Dickens’ morality tale, written in just six weeks, is a criticism of the political class and a plea for social reform. There might have been a temptation in Belvoir’s production, directed by Sarks, to allude to contemporary politics, but tweaking of the original is mostly limited to Aussie accents and modern dress. The snow still falls – in bucket loads.

The indictment of Ebenezer Scrooge (a believable, dishevelled Robert Menzies) is delivered by the story’s famous three ghosts. Christmas Past (a smooth Ivan Donato) plays on what might have been had Scrooge been a better man; Christmas Present (a tinselled, infectiously joyful Kate Box) elicits empathy with the poor family of his clerk, Bob Cratchit (a lovable Steve Rodgers); and Christmas Yet to Come scares him (as only Victorians could) with a foretaste of retribution to come.

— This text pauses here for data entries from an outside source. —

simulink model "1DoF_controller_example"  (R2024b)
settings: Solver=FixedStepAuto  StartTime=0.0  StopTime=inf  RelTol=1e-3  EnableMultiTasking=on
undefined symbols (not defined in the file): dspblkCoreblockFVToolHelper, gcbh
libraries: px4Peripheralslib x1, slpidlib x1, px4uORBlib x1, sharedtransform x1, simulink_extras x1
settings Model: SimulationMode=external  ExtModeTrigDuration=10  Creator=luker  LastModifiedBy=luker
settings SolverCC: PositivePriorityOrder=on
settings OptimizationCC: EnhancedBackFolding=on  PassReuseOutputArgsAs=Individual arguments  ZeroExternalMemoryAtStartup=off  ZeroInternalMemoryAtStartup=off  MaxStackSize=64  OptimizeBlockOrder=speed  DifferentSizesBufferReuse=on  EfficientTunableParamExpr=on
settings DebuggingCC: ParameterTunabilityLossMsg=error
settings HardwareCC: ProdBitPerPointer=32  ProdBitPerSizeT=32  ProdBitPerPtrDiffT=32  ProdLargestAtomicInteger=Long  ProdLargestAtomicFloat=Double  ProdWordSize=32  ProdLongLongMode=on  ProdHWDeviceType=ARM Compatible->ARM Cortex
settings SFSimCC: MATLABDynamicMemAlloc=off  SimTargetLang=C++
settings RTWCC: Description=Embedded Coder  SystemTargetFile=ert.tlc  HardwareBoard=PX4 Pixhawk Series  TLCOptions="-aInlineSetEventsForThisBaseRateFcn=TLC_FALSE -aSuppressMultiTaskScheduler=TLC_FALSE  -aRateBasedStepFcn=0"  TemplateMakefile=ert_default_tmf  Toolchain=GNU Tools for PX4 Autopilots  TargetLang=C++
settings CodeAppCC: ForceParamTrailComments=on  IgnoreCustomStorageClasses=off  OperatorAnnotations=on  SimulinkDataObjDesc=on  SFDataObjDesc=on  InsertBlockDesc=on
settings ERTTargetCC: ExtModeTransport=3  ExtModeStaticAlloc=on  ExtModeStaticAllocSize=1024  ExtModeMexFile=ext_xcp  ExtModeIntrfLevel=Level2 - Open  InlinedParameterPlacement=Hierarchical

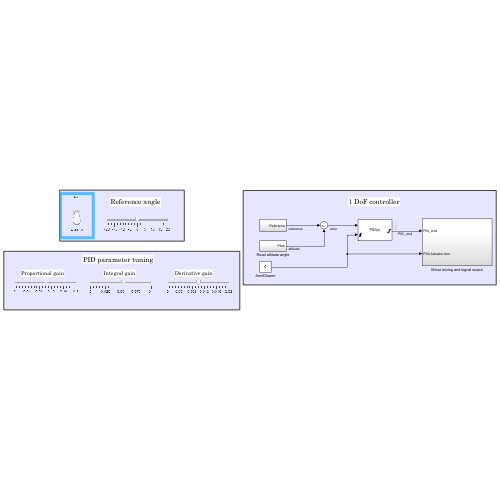
[thumbnail: Simulink's stored preview of the top-level diagram]
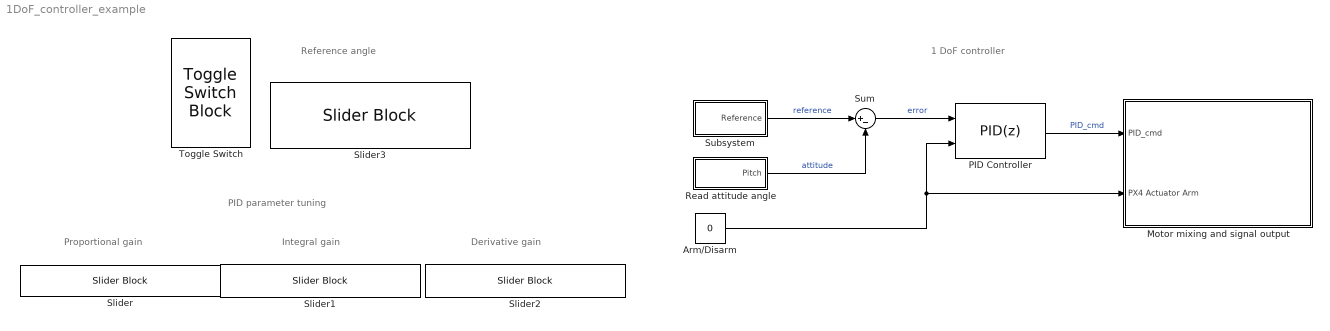
== system 1DoF_controller_example ==
  note: Proportional gain
  note: Reference angle
  note: PID parameter tuning
  note: Integral gain
  note: Derivative gain
  note: 1 DoF controller
  Arm/Disarm : Constant  Value=0
  Motor mixing and signal output : Subsystem
  PID Controller : slpidlib/PID Controller  Controller=PID  Form=Parallel  TimeDomain=Discrete-time  UseExternalTs=off  SampleTime=0.007  IntegratorMethod=Forward Euler  FilterMethod=Forward Euler  ControllerParametersSource=internal  P=0.1027863777089783  I=0.05424823410696267  UseKiTs=off  D=0.01003095975232198  UseExternalDerivativeSource=off  N=60  UseFilter=on  TunerSelectOption=Transfer Function Based (PID Tuner App)  InitialConditionSource=internal  InitialConditionForIntegrator=0  InitialConditionForFilter=0  DifferentiatorICPrevScaledInput=0  ExternalReset=rising  TrackingMode=off  Kt=1  LimitOutput=on  SatLimitsSource=internal  UpperSaturationLimit=0.5  LowerSaturationLimit=-0.5  LinearizeAsGain=off  AntiWindupMode=back-calculation  Kb=100  LimitIntegrator=on  UpperIntegratorSaturationLimit=0.08  LowerIntegratorSaturationLimit=-0.08  POutMin=[]  POutMax=[]  IOutMin=[]  IOutMax=[]  DOutMin=[]  DOutMax=[]  NOutMin=[]  NOutMax=[]  SumOutMin=[]  SumOutMax=[]  SaturationOutMin=[]  SaturationOutMax=[]  PParamMin=[]  PParamMax=[]  IParamMin=[]  IParamMax=[]  DParamMin=[]  DParamMax=[]  NParamMin=[]  NParamMax=[]  KbParamMin=[]  KbParamMax=[]  KtParamMin=[]  KtParamMax=[]  KbOutMin=[]  KbOutMax=[]  KtOutMin=[]  KtOutMax=[]  IntegratorOutMin=[]  IntegratorOutMax=[]  FilterOutMin=[]  FilterOutMax=[]  SumI1OutMin=[]  SumI1OutMax=[]  SumI2OutMin=[]  SumI2OutMax=[]  SumI3OutMin=[]  SumI3OutMax=[]  SumI4OutMin=[]  SumI4OutMax=[]  SumDOutMin=[]  SumDOutMax=[]  DifferentiatorOutMin=[]  DifferentiatorOutMax=[]  FilterDiffOutCoefMin=[]  FilterDiffOutCoefMax=[]  ReciprocalOutMin=[]  ReciprocalOutMax=[]  SumDenOutMin=[]  SumDenOutMax=[]  SumNumOutMin=[]  SumNumOutMax=[]  DivideOutMin=[]  DivideOutMax=[]  UdiffTsProdOutMin=[]  UdiffTsProdOutMax=[]  NTsProdOutMin=[]  NTsProdOutMax=[]  UintegralTsProdOutMin=[]  UintegralTsProdOutMax=[]  UngainTsProdOutMin=[]  UngainTsProdOutMax=[]  ClampingZeroOutDataTypeStr=Inherit: Inherit via back propagation  ClampingZeroOutMin=[]  ClampingZeroOutMax=[]  FilterDenConstantOutDataTypeStr=Inherit: Inherit via back propagation  FilterDenConstantOutMin=[]  FilterDenConstantOutMax=[]  PCopyOutDataTypeStr=Inherit: Inherit via back propagation  PCopyOutMin=[]  PCopyOutMax=[]  NCopyOutDataTypeStr=Inherit: Inherit via back propagation  NCopyOutMin=[]  NCopyOutMax=[]  IntegratorContinuousStateAttributes=''  IntegratorStateMustResolveToSignalObject=off  IntegratorRTWStateStorageClass=Auto  FilterContinuousStateAttributes=''  FilterStateMustResolveToSignalObject=off  FilterRTWStateStorageClass=Auto  ParallelPVariant=InternalParameters  IdealPVariant=Disabled  IVariant=InternalParameters  DVariant=InternalParameters  IntegratorVariant=Discrete  SatVariant=Enabled  AWVariant=BackCalculation  PCopyVariant=Disabled  TRVariant=Disabled  FdbkBlocksVariant=Forward  IdealPFdbkVariant=Disabled  SatFdbkVariant=Disabled  DerivativeFilterVariant=ForwardEulerFilter  NVariant=InternalParameters  NCopyVariant=Disabled  FilterICVariant=InternalICsFilter  IntegratorICVariant=InternalICs  ExternalResetVariant=ExternalReset  TRSumVariant=Passthrough  SumFdbkVariant=Disabled  SumVariant=Sum_PID  TsampFilterVariant=InternalTs  TsampNgainVariant=Passthrough  TsampIntegralVariant=Disabled_SignalSpec  ExternalSaturationOutDataTypeStr=Inherit: Same as second input  DerivativeSourceVariant=ErrorSignal  PreIntVariant=InternalPreInt
  Read attitude angle : Subsystem
  Slider : SliderBlock  LabelPosition=Hide  ScaleMax=0.2
  Slider1 : SliderBlock  LabelPosition=Hide  ScaleMax=0.1
  Slider2 : SliderBlock  LabelPosition=Hide  ScaleMax=0.02
  Slider3 : SliderBlock  LabelPosition=Hide  ScaleMin=-20  ScaleMax=20  TickInterval=5
  Subsystem : Subsystem
  Sum : Sum  Inputs=|+-
  Toggle Switch : ToggleSwitchBlock  LabelPosition=Hide
      settings: Values={{'Disarm', 'Arm'}, [0 1]}
  wires:
  Arm/Disarm/1 -> PID Controller/2, Motor mixing and signal output/2(PX4 Actuator Arm)
  Subsystem/1(Reference) -> Sum/1  "reference"
  Read attitude angle/1(Pitch) -> Sum/2  "attitude"
  Sum/1 -> PID Controller/1  "error"
  PID Controller/1 -> Motor mixing and signal output/1(PID_cmd)  "PID_cmd"

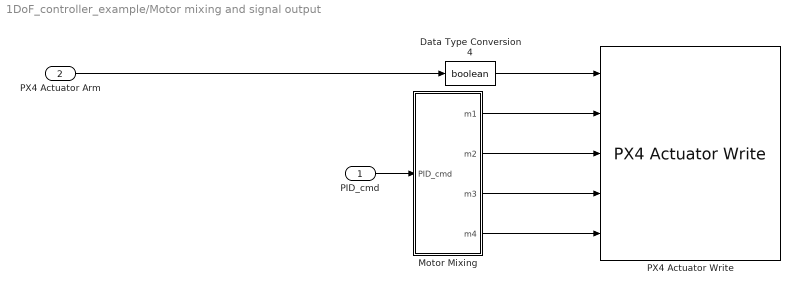
== system 1DoF_controller_example/Motor mixing and signal output ==
  PID_cmd : Inport
  PX4 Actuator Arm : Inport  Port=2
  Data Type Conversion4 : DataTypeConversion  OutDataTypeStr=boolean  SaturateOnIntegerOverflow=off  RndMeth=Floor
  Motor Mixing : Subsystem
  PX4 Actuator Write : px4Peripheralslib/PX4 Actuator Write  Motor1Enable=on  Motor2Enable=on  Motor3Enable=on  Motor4Enable=on  Motor5Enable=off  Motor6Enable=off  Motor7Enable=off  Motor8Enable=off  Motor9Enable=off  Motor10Enable=off  Motor11Enable=off  Motor12Enable=off  IsMotorArray=off  Servo1Enable=off  Servo2Enable=off  Servo3Enable=off  Servo4Enable=off  Servo5Enable=off  Servo6Enable=off  Servo7Enable=off  Servo8Enable=off  IsServoArray=off
  wires:
  Motor Mixing/2(m2) -> PX4 Actuator Write/3
  Data Type Conversion4/1 -> PX4 Actuator Write/1
  PID_cmd/1 -> Motor Mixing/1(PID_cmd)
  Motor Mixing/3(m3) -> PX4 Actuator Write/4
  Motor Mixing/1(m1) -> PX4 Actuator Write/2
  PX4 Actuator Arm/1 -> Data Type Conversion4/1
  Motor Mixing/4(m4) -> PX4 Actuator Write/5

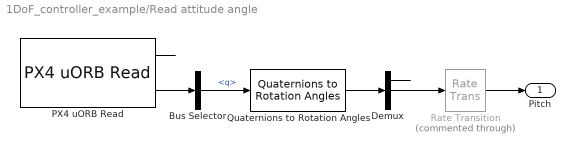
== system 1DoF_controller_example/Read attitude angle ==
  Bus Selector : BusSelector  OutputSignals=q
  Demux : Demux  Outputs=3
  PX4 uORB Read : px4uORBlib/PX4 uORB Read  uORBTopic=VehicleAttitude  selectInstance=vehicle_attitude  SampleTime=-1  BlockingMode=off  BlockTimeout=1e-3
  Quaternions to Rotation Angles : sharedtransform/Quaternions to Rotation Angles  rotationOrder=ZYX  aMode=aMode
  Rate Transition : RateTransition  Commented=through  OutPortSampleTime=0.007
  Pitch : Outport
  wires:
  PX4 uORB Read/1 -> ?
  PX4 uORB Read/2 -> Bus Selector/1
  Quaternions to Rotation Angles/1 -> Demux/1
  Demux/1 -> ?
  Demux/2 -> Rate Transition/1
  Bus Selector/1 -> Quaternions to Rotation Angles/1  "<q>"
  Rate Transition/1 -> Pitch/1

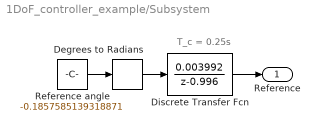
== system 1DoF_controller_example/Subsystem ==
  note: T_c = 0.25s
  Degrees to Radians : simulink_extras/Transformations/Degrees to Radians
  Discrete Transfer Fcn : DiscreteTransferFcn  LoadFcn=dspblkCoreblockFVToolHelper(gcbh,'load');  Numerator=[0.003992]  Denominator=[1 -0.996]
      settings: CopyFcn=dspblkCoreblockFVToolHelper(gcbh,'copy');  DeleteFcn=dspblkCoreblockFVToolHelper(gcbh,'close');  ModelCloseFcn=dspblkCoreblockFVToolHelper(gcbh,'close');  PreSaveFcn=dspblkCoreblockFVToolHelper(gcbh,'presave');  PostSaveFcn=dspblkCoreblockFVToolHelper(gcbh,'postsave');  CloseFcn=dspblkCoreblockFVToolHelper(gcbh,'close');
  Reference angle : Constant  Value=-0.1857585139318871
  Reference : Outport
  wires:
  Reference angle/1 -> Degrees to Radians/1
  Degrees to Radians/1 -> Discrete Transfer Fcn/1
  Discrete Transfer Fcn/1 -> Reference/1

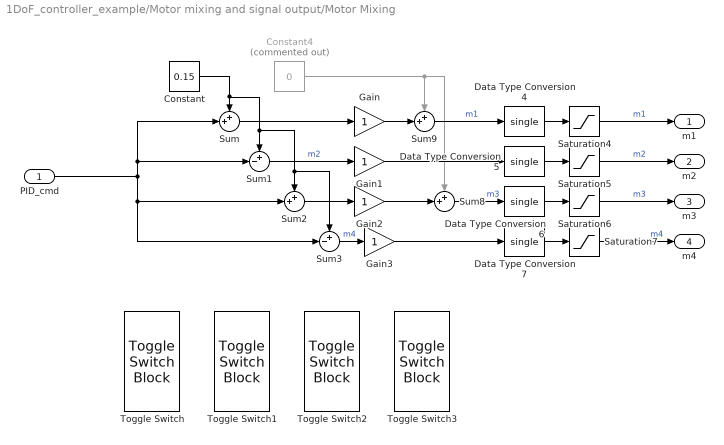
== system 1DoF_controller_example/Motor mixing and signal output/Motor Mixing ==
  PID_cmd : Inport
  Constant : Constant  Value=0.15
  Constant4 : Constant  Commented=on  Value=0
  Data Type Conversion{4..7} (4 alike) : DataTypeConversion  OutDataTypeStr=single  SaturateOnIntegerOverflow=off  RndMeth=Floor
  Gain{,1..3} (4 alike) : Gain
  Saturation{4..7} (4 alike) : Saturate  UpperLimit=1  LowerLimit=0
  Sum{,2,8..9} (4 alike) : Sum  Inputs=++|
  Sum1 : Sum  Inputs=+-|
  Sum3 : Sum  Inputs=+-|
  Toggle Switch{,1..3} (4 alike) : ToggleSwitchBlock
      settings: Values={{'Off', 'On'}, [0 1]}
  m1 : Outport
  m2 : Outport  Port=2
  m3 : Outport  Port=3
  m4 : Outport  Port=4
  wires:
  Constant/1 -> Sum1/1, Sum3/1, Sum2/1, Sum/1
  Sum2/1 -> Gain2/1
  Constant4/1 -> Sum9/1, Sum8/1
  Sum/1 -> Gain/1
  Sum9/1 -> Data Type Conversion4/1  "m1"
  Sum8/1 -> Data Type Conversion6/1  "m3"
  Sum3/1 -> Gain3/1  "m4"
  Sum1/1 -> Gain1/1  "m2"
  Saturation4/1 -> m1/1  "m1"
  Saturation5/1 -> m2/1  "m2"
  Saturation6/1 -> m3/1  "m3"
  Saturation7/1 -> m4/1  "m4"
  Data Type Conversion4/1 -> Saturation4/1
  Data Type Conversion5/1 -> Saturation5/1
  Data Type Conversion6/1 -> Saturation6/1
  Data Type Conversion7/1 -> Saturation7/1
  Gain/1 -> Sum9/2
  Gain1/1 -> Data Type Conversion5/1
  Gain2/1 -> Sum8/2
  Gain3/1 -> Data Type Conversion7/1
  PID_cmd/1 -> Sum2/2, Sum3/2, Sum1/2, Sum/2

Pared back to basics on an empty black stage, but helped by some evocative lighting and ghostly sound effects, the inventive ensemble cast give the production a pantomime quality, as well as some fine carolling. At its heart, A Christmas Carol is meant to be festive and there’s a lot of joy in a show suitable for all but the youngest theatregoers.

The Cratchit family’s Christmas lunch (with Ursula Yovich as Mrs Cratchit, Peter Carroll as Grandpa and Miranda Tapsell as Tiny Tim) is a tableau of gratitude and comedy amid poverty. That such a cold-hearted man as Scrooge can reclaim his humanity offers hope to a world still plagued by the wilful ignorance of the rich and powerful towards those in need.

Scrooge’s nephew Fred (Eden Falk) says Christmas is the time when people “open their shut-up hearts freely, and think of people below them as if they really were fellow passengers to the grave”. That’s a Christmas wish for modern Australia, just as it was for Dickens’ England.